Mr. Rohne wishes to intervene to support the law because his rights are at stake as a public sector worker currently forced to accept government mandated union bargaining. Rohne opposes having government-imposed union “representation” and supports efforts to eliminate or reform monopoly bargaining powers granted to union officials under Iowa law.
The unions’ complaint asks the court to overturn the recently-enacted public sector union bargaining reform law. This law, which passed the Iowa legislature on February 16, is similar to Wisconsin’s Act 10 legislation which also instituted yearly renewal elections for most public sector unions and rolled back union monopoly bargaining powers.
Wisconsin’s Act 10 law faced multiple union legal challenges but was ultimately upheld in all of the cases. Moreover, the 2007 National Right to Work Foundation-won U.S. Supreme Court case Davenport v. WEA reaffirmed the right of the states to pass laws limiting compulsory unionism powers granted to public sector union officials.
Rohne’s motion is particularly important at this time due to the fact that the state official charged with defending the law, Iowa Attorney General Tom Miller, has publicly refused to defend the law in court. Miller in the past has been supported by the same public sector unions that are affected by the new law.

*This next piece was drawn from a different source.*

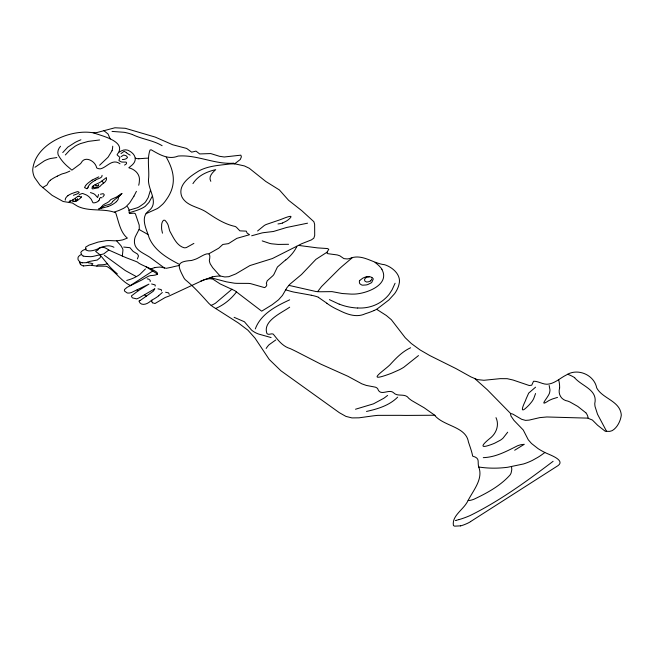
<?xml version="1.0" encoding="UTF-8"?>
<svg xmlns="http://www.w3.org/2000/svg" width="654" height="654" viewBox="0 0 654 654"><rect width="100%" height="100%" fill="white"/><g stroke="black" fill="none" stroke-linecap="round" stroke-linejoin="round"><path stroke-width="0.98" d="M559.595 388.067C557.805 394.288 561.394 400.158 567.762 401.082A50.677 31.752 -13.9 0 1 569.986 401.997L577.76 406.404L585.763 412.723M85.788 249.051L85.649 247.122L89.124 245.07L98.051 242.094L105.989 240.672A24.795 15.541 -13.9 0 1 110.698 240.607L114.45 240.786A21.222 13.293 -13.9 0 0 117.957 240.631A27.067 16.963 -13.9 0 0 122.862 239.838L127.367 238.089C120.311 232.481 118.644 221.461 115.684 212.73C104.354 208.217 90.432 211.724 78.832 206.811A22.154 13.881 -13.9 0 1 76.493 205.577L72.324 202.985L63.16 201.497L52.157 195.382L39.992 185.164L34.539 177.479A49.99 31.327 -13.9 0 1 32.7 169.958C34.809 144.158 70.052 128.944 92.745 132.737A16.064 10.063 -13.9 0 0 97.176 132.484L114.908 127.775L125.266 128.29L155.211 137.087L172.689 144.755L186.66 148.442L191.647 152.145L196.004 151.131L199.683 153.935L210.719 153.567L219.474 156.29L224.208 156.993L240.844 155.162L241.383 156.846L240.288 159.478L234.68 163.802L244.408 165.928L249.223 168.233L265.786 181.46L279.381 189.938L288.602 200.304L301.756 210.645L313.879 221.714L314.631 224.289L314.705 235.399L313.838 238.146L311.369 239.912L301.118 243.958L299.082 245.479L317.591 247.899L327.45 248.545L328.782 249.272L327.057 252.231L326.984 253.09L327.744 253.662L337.276 254.946L339.794 255.779L343.914 258.616L347.021 258.935A8.984 5.624 -13.9 0 0 349.538 258.575C361.973 253.09 372.706 263.464 384.642 264.715C392.58 267.224 401.67 275.007 399.022 284.245A44.161 27.672 -13.9 0 1 394.615 293.662L388.86 299.982L376.679 309.317L386.367 315.522L391.329 319.692L405.218 337.717L411.268 343.481L420.064 349.931L429.866 355.596L455.961 368.578L470.97 376.925L477.281 379.59L483.919 380.285L500.204 378.65L507.202 378.682L513.047 380.023L529.241 385.517L531.735 385.206L533.55 381.217C538.912 381.102 543.768 385.369 549.335 383.972C555.777 382.631 560.601 377.791 566.38 374.979C577.58 367.703 594.184 374.799 596.701 387.879C602.457 398.858 620.221 400.747 621.3 415.11C620.621 420.849 617.351 427.618 612.258 430.594A12.81 8.028 -13.9 0 1 609.593 431.378L605.277 431.297L597.601 425.264L592.401 420.048L587.725 418.135L546.883 416.974L539.828 417.612L529.094 420.113L525.538 420.383L521.671 419.304L512.81 414.105L510.431 413.426L510.97 416.042L513.954 420.391L523.265 430.021L528.269 439.782L531.481 443.469L537.997 448.579A91.993 57.642 -13.9 0 0 545.714 452.879C549.254 454.661 565.514 460.048 558.156 465.534L470.602 521.565M112.741 146.21L112.611 147.624A37.638 23.585 -13.9 0 1 112.063 150.706M98.558 194.549L97.626 197.557L95.059 194.704A11.355 7.12 -13.9 0 0 93.195 193.51L90.448 192.562M150.404 190.355L148.18 197.598L145.597 201.841A15.353 9.622 -13.9 0 1 143.954 203.484L139.433 206.68A15.68 9.826 -13.9 0 1 137.381 207.735L128.969 210.236L129.427 213.335A1.308 0.826 -13.9 0 0 130.007 213.539L134.037 213.147L135.362 213.727L139.212 225.107L139.286 228.99L135.28 236.764A30.812 19.309 -13.9 0 0 134.511 243.108C135.321 249.624 142.057 252.567 147.052 255.542A123.442 77.352 -13.9 0 1 149.701 257.153L164.538 268.083M122.347 256.041L122.952 249.959A18.786 11.772 -13.9 0 0 122.584 248.561L120.843 245.544L116.731 241.04M138.713 185.254L139.032 183.848A45.24 28.343 -13.9 0 0 139.359 181.109C140.373 174.405 135.002 169.337 128.977 167.833M86.034 248.806L85.805 249.934L86.353 250.18A17.486 10.955 -13.9 0 0 88.053 250.744L88.257 250.776A7.227 4.529 -13.9 0 0 88.862 250.891C97.593 251.471 105.024 242.405 113.935 247.253M99.58 198.824L99.212 200.165A3.008 1.888 -13.9 0 1 98.926 200.598L98.828 200.713M299.254 244.98L272.399 258.543L249.918 265.565L235.751 273.936L228.786 276.683L224.812 276.961L220.046 275.963L212.681 267.69L210.294 263.954A29.528 18.5 -13.9 0 1 209.337 260.341C212.485 246.869 200.075 258.216 194.442 259.548A21.868 13.701 -13.9 0 1 191.426 260.496C175.525 261.551 177.7 265.99 184.027 278.097A33.836 21.206 -13.9 0 0 185.278 279.708C193.944 286.763 201.187 294.856 208.781 303.325A95.255 59.686 -13.9 0 0 212.566 306.53L238.342 322.962L247.923 330.196L255.035 338.167L269.186 359.398L280.877 370.744L339.361 412.699L345.941 416.402L351.991 417.914L358.997 417.824L372.796 415.911A61.46 38.512 -13.9 0 1 377.996 415.364L400.73 415.331A241.727 151.466 -13.9 0 0 405.815 415.421L434.558 415.241C443.706 426.383 465.934 426.383 468.419 441.908C469.989 446.698 471.804 451.424 472.662 456.149C480.935 458.364 476.807 462.125 478.941 467.479C483.265 479.693 472.556 491.162 467.536 501.585A26.601 16.669 -13.9 0 1 466.727 502.893C462.509 510.03 451.8 516.3 453.402 525.399A4.055 2.542 -13.9 0 0 454.677 526.151L460.432 525.857M535.569 393.512L533.697 398.629A32.079 20.102 -13.9 0 1 531.718 401.834L529.552 404.442A48.641 30.476 -13.9 0 1 527.206 406.813C519.039 414.84 523.216 405.374 525.399 400.845A59.489 37.278 -13.9 0 0 526.004 399.144L528.694 393.103L535.569 387.176M155.137 286.1L155.227 285.348A2.109 1.324 -13.9 0 0 154.965 284.874L151.622 283.983M169.272 294.341L168.577 292.878L165.593 292.24M112.03 150.706L108.082 157.181L99.596 165.241M88.364 186.684L87.955 187.698M395.073 283.256L392.147 289.681L389.441 293.932A37.025 23.201 -13.9 0 1 385.394 298.347C378.028 305.304 367.769 308.623 357.73 307.96M296.802 246.264L296.499 246.893M136.424 191.32L133.907 196.225M152.268 196.323L148.924 202.462L145.245 206.345A18.95 11.878 -13.9 0 1 141.362 208.552L139.327 209.427A33.28 20.854 -13.9 0 1 136.694 210.441L129.067 212.803M150.175 281.588L150.265 280.452L149.038 279.34A5.731 3.589 -13.9 0 0 147.191 278.849M255.305 328.921C260.856 313.838 275.988 306.203 289.673 299.826M75.57 198.849L75.333 199.854M137.389 258.927L138.509 255.927L137.528 254.063L133.114 251.381L129.933 247.694L123.704 247.057M96.081 185.082L96.056 185.123A2.305 1.447 -13.9 0 0 95.836 185.801M92.328 186.88L92.01 188.401A1.529 0.956 -13.9 0 0 92.688 188.883L98.525 187.739M317.623 291.659L321.506 286.575L339.083 269.072A179.915 112.733 -13.9 0 1 342.042 266.382L352.13 257.848M112.725 201.399L115.554 198.93A21.312 13.35 -13.9 0 0 116.06 198.644L121.881 193.437L120.859 194.156A60.667 38.014 -13.9 0 1 119.666 194.998L116.69 196.887A12.917 8.093 -13.9 0 1 115.349 197.565L111.221 199.372A4.325 2.714 -13.9 0 0 110.518 199.887C108.311 203.508 103.242 203.304 101.305 207.155M112.562 201.702L112.087 202.446A5.494 3.442 -13.9 0 1 108.719 204.571L105.302 205.479A5.518 3.458 -13.9 0 0 104.468 205.789L100.724 208.266M507.692 432.196L503.065 438.106A18.958 11.878 -13.9 0 1 500.384 440.191L494.776 443.142A38.365 24.034 -13.9 0 1 490.86 444.695C478.107 449.306 483.175 443.87 489.699 438.572C496.173 433.782 499.566 425.223 495.994 417.644M161.481 290.965L161.26 289.599L157.957 288.847M62.743 152.578L67.844 147.085L75.259 142.343A40.295 25.253 -13.9 0 1 80.908 139.784M266.162 348.443L266.897 347.388A25.195 15.786 -13.9 0 1 269.023 344.781L275.784 339.957M60.544 146.243C57.83 149.12 56.579 153.567 59.359 156.878A89.778 56.252 -13.9 0 0 66.634 165.617L71.899 170.138L80.18 163.974A13.129 8.232 -13.9 0 0 81.186 162.862C84.906 155.251 95.451 161.154 96.645 167.767A3.711 2.322 -13.9 0 0 97.16 168.184L98.517 168.667A6.36 3.981 -13.9 0 0 100.585 168.814C107.215 167.13 112.275 158.211 120.017 163.77M133.947 196.159L129.745 202.814L126.132 206.59A16.751 10.497 -13.9 0 1 123.434 208.413L118.971 210.457A35.373 22.162 -13.9 0 1 115.496 211.618L114.663 211.871M129.091 167.653L129.974 166.762A19.08 11.952 -13.9 0 1 130.522 166.337L130.939 166.018A14.552 9.115 -13.9 0 0 134.659 161.726C136.285 158.464 134.503 154.655 131.789 152.611A26.152 16.383 -13.9 0 0 130.023 151.352C126.737 148.81 122.372 149.758 119.298 152.12M236.601 291.774C231.132 299.091 223.807 305.042 215.387 308.614M192.938 183.627C197.949 175.624 206.819 171.675 215.706 169.648C212.485 172.476 208.168 176.76 210.801 181.322M69.97 201.383L70.084 200.287M65.351 154.949L69.692 150.248L75.374 146.055A24.541 15.377 -13.9 0 1 80.491 143.594L88.241 141.395L99.612 139.964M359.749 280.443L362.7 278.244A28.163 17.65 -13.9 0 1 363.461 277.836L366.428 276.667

“It is outrageous first, the Attorney General will not do his job and secondly, that AFSCME union officials reject the right and the authority of the Iowa legislature to reform the extraordinary monopoly bargaining powers that were previously granted to them by the legislature,” said Mark Mix, President of the National Right to Work Foundation. “Public sector monopoly bargaining elevates the voice of a single organization speaking to the government over the voices of the tens of thousands of workers and taxpayers who elect the government. The Foundation will proudly continue to represent workers who seek to defend their rights against union boss-lawsuits, as it did in helping to defend Wisconsin’s Act 10.”